Türcülüğün bu versiyonu da ırkçılık ve cinsiyetçilikle paraleldir. Irkının birçok üyesinin belirli özel özelliklere sahip olduğuna inanan bir ırkçıyı düşünelim. O bunda haklı olsaydı bile, ırkçıların tipik olarak düşüncesinin bu olmasına rağmen, ırkının bütün üyelerine özel olarak davranılmasını temellendirememiş olurdu. Aynı şekilde, bir türün tipik üyelerinin karakteristik özelliklerine istinad etmek o türün bütün üyelerinin özel ahlâki konuma sahip olmasını garanti altına almaz.10

4.   Sonuç

Eğer tür üyeliği bir varlığın ahlâki konumuna ilişkisizse, bizim ırkçılığın ve cinsiyetçiliğin karşısında durduğumuz gibi türcülüğün de karşısında durmamız gerekir. Fakat eğer ki tür üyeliği ahlâki konumumuzu belirlemezse, ne belirler?

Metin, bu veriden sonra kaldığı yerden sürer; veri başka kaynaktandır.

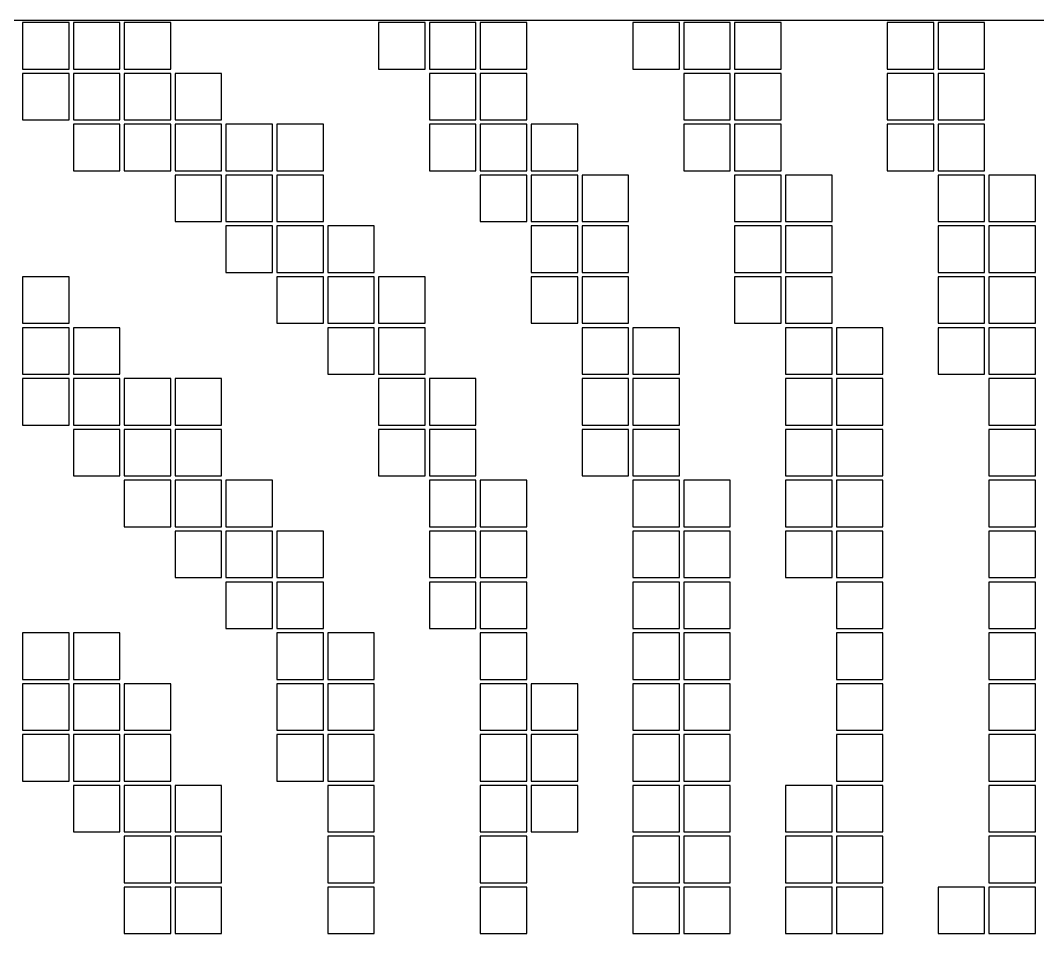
# Model space of a CAD drawing. Extents: x -243 to 243, y -243 to 243.
# Drawn here: x -128 to 0, y 128.3 to 243.2 of the extents above; entities that cross this region are included whole.
import ezdxf

# ---------------------------------------------------------------- set-up
doc = ezdxf.new("R2010")
doc.units = 0

msp = doc.modelspace()

# ---------------------------------------------------------------- linework, layer by layer
at = {"layer": 'BOARD'}
msp.add_line((243.2, 243.2), (-243.2, 243.2), dxfattribs=at)
at = {"layer": 'PATCHES'}
for p, q in [((-121.875, 242.925), (-127.725, 242.925)), ((-127.725, 242.925), (-127.725, 237.075)), ((-121.875, 237.075), (-121.875, 242.925)), ((-115.475, 242.925), (-121.325, 242.925)), ((-121.325, 242.925), (-121.325, 237.075)), ((-115.475, 237.075), (-115.475, 242.925)), ((-109.075, 242.925), (-114.925, 242.925)), ((-114.925, 242.925), (-114.925, 237.075)), ((-109.075, 237.075), (-109.075, 242.925)), ((-77.075, 242.925), (-82.925, 242.925)), ((-82.925, 242.925), (-82.925, 237.075)), ((-77.075, 237.075), (-77.075, 242.925)), ((-70.675, 242.925), (-76.525, 242.925)), ((-76.525, 242.925), (-76.525, 237.075)), ((-70.675, 237.075), (-70.675, 242.925)), ((-64.275, 242.925), (-70.125, 242.925)), ((-70.125, 242.925), (-70.125, 237.075)), ((-64.275, 237.075), (-64.275, 242.925)), ((-45.075, 242.925), (-50.925, 242.925)), ((-50.925, 242.925), (-50.925, 237.075)), ((-45.075, 237.075), (-45.075, 242.925)), ((-38.675, 242.925), (-44.525, 242.925)), ((-44.525, 242.925), (-44.525, 237.075)), ((-38.675, 237.075), (-38.675, 242.925)), ((-32.275, 242.925), (-38.125, 242.925)), ((-38.125, 242.925), (-38.125, 237.075)), ((-32.275, 237.075), (-32.275, 242.925)), ((-13.075, 242.925), (-18.925, 242.925)), ((-18.925, 242.925), (-18.925, 237.075)), ((-13.075, 237.075), (-13.075, 242.925)), ((-6.675, 242.925), (-12.525, 242.925)), ((-12.525, 242.925), (-12.525, 237.075)), ((-6.675, 237.075), (-6.675, 242.925)), ((-127.725, 237.075), (-121.875, 237.075)), ((-121.325, 237.075), (-115.475, 237.075)), ((-114.925, 237.075), (-109.075, 237.075)), ((-82.925, 237.075), (-77.075, 237.075)), ((-76.525, 237.075), (-70.675, 237.075)), ((-70.125, 237.075), (-64.275, 237.075)), ((-50.925, 237.075), (-45.075, 237.075)), ((-44.525, 237.075), (-38.675, 237.075)), ((-38.125, 237.075), (-32.275, 237.075)), ((-18.925, 237.075), (-13.075, 237.075)), ((-12.525, 237.075), (-6.675, 237.075)), ((-121.875, 236.525), (-127.725, 236.525)), ((-127.725, 236.525), (-127.725, 230.675)), ((-121.875, 230.675), (-121.875, 236.525)), ((-115.475, 236.525), (-121.325, 236.525)), ((-121.325, 236.525), (-121.325, 230.675)), ((-115.475, 230.675), (-115.475, 236.525)), ((-109.075, 236.525), (-114.925, 236.525)), ((-114.925, 236.525), (-114.925, 230.675)), ((-109.075, 230.675), (-109.075, 236.525)), ((-102.675, 236.525), (-108.525, 236.525)), ((-108.525, 236.525), (-108.525, 230.675)), ((-102.675, 230.675), (-102.675, 236.525)), ((-70.675, 236.525), (-76.525, 236.525)), ((-76.525, 236.525), (-76.525, 230.675)), ((-70.675, 230.675), (-70.675, 236.525)), ((-64.275, 236.525), (-70.125, 236.525)), ((-70.125, 236.525), (-70.125, 230.675)), ((-64.275, 230.675), (-64.275, 236.525)), ((-38.675, 236.525), (-44.525, 236.525)), ((-44.525, 236.525), (-44.525, 230.675)), ((-38.675, 230.675), (-38.675, 236.525)), ((-32.275, 236.525), (-38.125, 236.525)), ((-38.125, 236.525), (-38.125, 230.675)), ((-32.275, 230.675), (-32.275, 236.525)), ((-13.075, 236.525), (-18.925, 236.525)), ((-18.925, 236.525), (-18.925, 230.675)), ((-13.075, 230.675), (-13.075, 236.525)), ((-6.675, 236.525), (-12.525, 236.525)), ((-12.525, 236.525), (-12.525, 230.675)), ((-6.675, 230.675), (-6.675, 236.525)), ((-127.725, 230.675), (-121.875, 230.675)), ((-121.325, 230.675), (-115.475, 230.675)), ((-114.925, 230.675), (-109.075, 230.675)), ((-108.525, 230.675), (-102.675, 230.675)), ((-76.525, 230.675), (-70.675, 230.675)), ((-70.125, 230.675), (-64.275, 230.675)), ((-44.525, 230.675), (-38.675, 230.675)), ((-38.125, 230.675), (-32.275, 230.675)), ((-18.925, 230.675), (-13.075, 230.675)), ((-12.525, 230.675), (-6.675, 230.675)), ((-115.475, 230.125), (-121.325, 230.125)), ((-121.325, 230.125), (-121.325, 224.275)), ((-115.475, 224.275), (-115.475, 230.125)), ((-109.075, 230.125), (-114.925, 230.125)), ((-114.925, 230.125), (-114.925, 224.275)), ((-109.075, 224.275), (-109.075, 230.125)), ((-102.675, 230.125), (-108.525, 230.125)), ((-108.525, 230.125), (-108.525, 224.275)), ((-102.675, 224.275), (-102.675, 230.125)), ((-96.275, 230.125), (-102.125, 230.125)), ((-102.125, 230.125), (-102.125, 224.275)), ((-96.275, 224.275), (-96.275, 230.125)), ((-89.875, 230.125), (-95.725, 230.125)), ((-95.725, 230.125), (-95.725, 224.275)), ((-89.875, 224.275), (-89.875, 230.125)), ((-70.675, 230.125), (-76.525, 230.125)), ((-76.525, 230.125), (-76.525, 224.275)), ((-70.675, 224.275), (-70.675, 230.125)), ((-64.275, 230.125), (-70.125, 230.125)), ((-70.125, 230.125), (-70.125, 224.275)), ((-64.275, 224.275), (-64.275, 230.125)), ((-57.875, 230.125), (-63.725, 230.125)), ((-63.725, 230.125), (-63.725, 224.275)), ((-57.875, 224.275), (-57.875, 230.125)), ((-38.675, 230.125), (-44.525, 230.125)), ((-44.525, 230.125), (-44.525, 224.275)), ((-38.675, 224.275), (-38.675, 230.125)), ((-32.275, 230.125), (-38.125, 230.125)), ((-38.125, 230.125), (-38.125, 224.275)), ((-32.275, 224.275), (-32.275, 230.125)), ((-13.075, 230.125), (-18.925, 230.125)), ((-18.925, 230.125), (-18.925, 224.275)), ((-13.075, 224.275), (-13.075, 230.125)), ((-6.675, 230.125), (-12.525, 230.125)), ((-12.525, 230.125), (-12.525, 224.275)), ((-6.675, 224.275), (-6.675, 230.125)), ((-121.325, 224.275), (-115.475, 224.275)), ((-114.925, 224.275), (-109.075, 224.275)), ((-108.525, 224.275), (-102.675, 224.275)), ((-102.125, 224.275), (-96.275, 224.275)), ((-95.725, 224.275), (-89.875, 224.275)), ((-76.525, 224.275), (-70.675, 224.275)), ((-70.125, 224.275), (-64.275, 224.275)), ((-63.725, 224.275), (-57.875, 224.275)), ((-44.525, 224.275), (-38.675, 224.275)), ((-38.125, 224.275), (-32.275, 224.275)), ((-18.925, 224.275), (-13.075, 224.275)), ((-12.525, 224.275), (-6.675, 224.275)), ((-102.675, 223.725), (-108.525, 223.725)), ((-108.525, 223.725), (-108.525, 217.875)), ((-102.675, 217.875), (-102.675, 223.725)), ((-96.275, 223.725), (-102.125, 223.725)), ((-102.125, 223.725), (-102.125, 217.875)), ((-96.275, 217.875), (-96.275, 223.725)), ((-89.875, 223.725), (-95.725, 223.725)), ((-95.725, 223.725), (-95.725, 217.875)), ((-89.875, 217.875), (-89.875, 223.725)), ((-64.275, 223.725), (-70.125, 223.725)), ((-70.125, 223.725), (-70.125, 217.875)), ((-64.275, 217.875), (-64.275, 223.725)), ((-57.875, 223.725), (-63.725, 223.725)), ((-63.725, 223.725), (-63.725, 217.875)), ((-57.875, 217.875), (-57.875, 223.725)), ((-51.475, 223.725), (-57.325, 223.725)), ((-57.325, 223.725), (-57.325, 217.875)), ((-51.475, 217.875), (-51.475, 223.725)), ((-32.275, 223.725), (-38.125, 223.725)), ((-38.125, 223.725), (-38.125, 217.875)), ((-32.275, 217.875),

Şimdiden bu soruya önemli bir cevabımız vardır -eğer bir varlık belirli önemli kapasitelere sahipse. Felsefeci Jeremy Bentham  hayvanların zaten ahlâki konum için önemli olan kapasitelere sahip olduklarını mükemmel biçimde belirtmiştir:

Soracağımız soru ne “Onlar ​düşünebilir mi?” ne de “Onlar konuşabilir ​mi?” sorularıdır, fakat “Onlar acı​ çekebilir ​mi?” sorusudur.11

Fakat yine de biz, örneğin köpek yavruları gibi, bazı hayvanlara, örneğin domuzlar gibi, diğer hayvanlara davrandığımızdan çok farklı şekilde davranırız -köpek yavruları ve domuzlar olasılıkla ahlâki olarak benzer kapasitelere sahip olmalarına rağmen.12

Hayvanlara karşı, eğer varlarsa, sahip olduğumuz yükümlülükler nelerdir? Sonunda anlaşıldı ki bu soru basitçe insanların ve hayvanların farklı türlerden olduğu olgusuyla cevaplanamaz.

Notlar

  • (1) Türcülük kavramı Peter Singer tarafından geniş bir kitleye tanıtılmıştır. O türcülüğü şöyle sunmuştur: “Türcülük … birisinin kendi türünün üyelerinin ilgilerine yönelik ve diğer türlerin üyelerine karşı taraflı bir önyargı ya da tutumdur” (​Animal Liberation​,p.7). Bu makalede kullanılan formülasyon iki şekilde farklıdır.

    İlk olarak, benimki daha ​nötrdür -türcülüğün bir önyargı ya da taraflı tutum biçimi olduğunu varsaymaz; türcülüğün ahlâki olarak temellendirilebileceği olasılığını kabul etmeyen tanımı tarafından yanlış ya da temellendirilmemiş olduğunu önermeyi gösterir. Ben burada bu terimin işlevinin tartışmada yalnızca betimsel olarak anlaşılabileceğini gerektirdiğini tartışan Jaquet’i (2019) takip ediyorum.

    İkinci olarak, benimki daha ​geniştir -tür üyeliğinin ahlâki konumla ilgili olduğunu söyler fakat birisinin ​kendi türünün üstünlüğünü içermesi gereken bir belirleme yapmaz. Singer türcülüğün tipik olarak nasıl işlediğini belirlemesinde haklıdır fakat bu görüşün özsel niteliği bu değildir; örneğin türcülük tür-temelli bir farklılığı, insan olmayan türler üstünde (örneğin inekler üzerinde kediler, domuzlar üzerinde köpekler, haşaratlar üzerinde omurgalıları) yücelten hiyerarşi biçimini alabilir. Bu tür bir hiyerarşi türcülük olabilir fakat birisinin kendi türünün lehine ön yargılı olması gerekmez.

  • (2) Türcülüğü savunan felsefeciler arasında Carl Cohen, Tibor Machan ve David Schmitdz vardır; onu eleştiren felsefeciler arasında da Peter Singer, Tom Regan ve Lori Gruen vardır.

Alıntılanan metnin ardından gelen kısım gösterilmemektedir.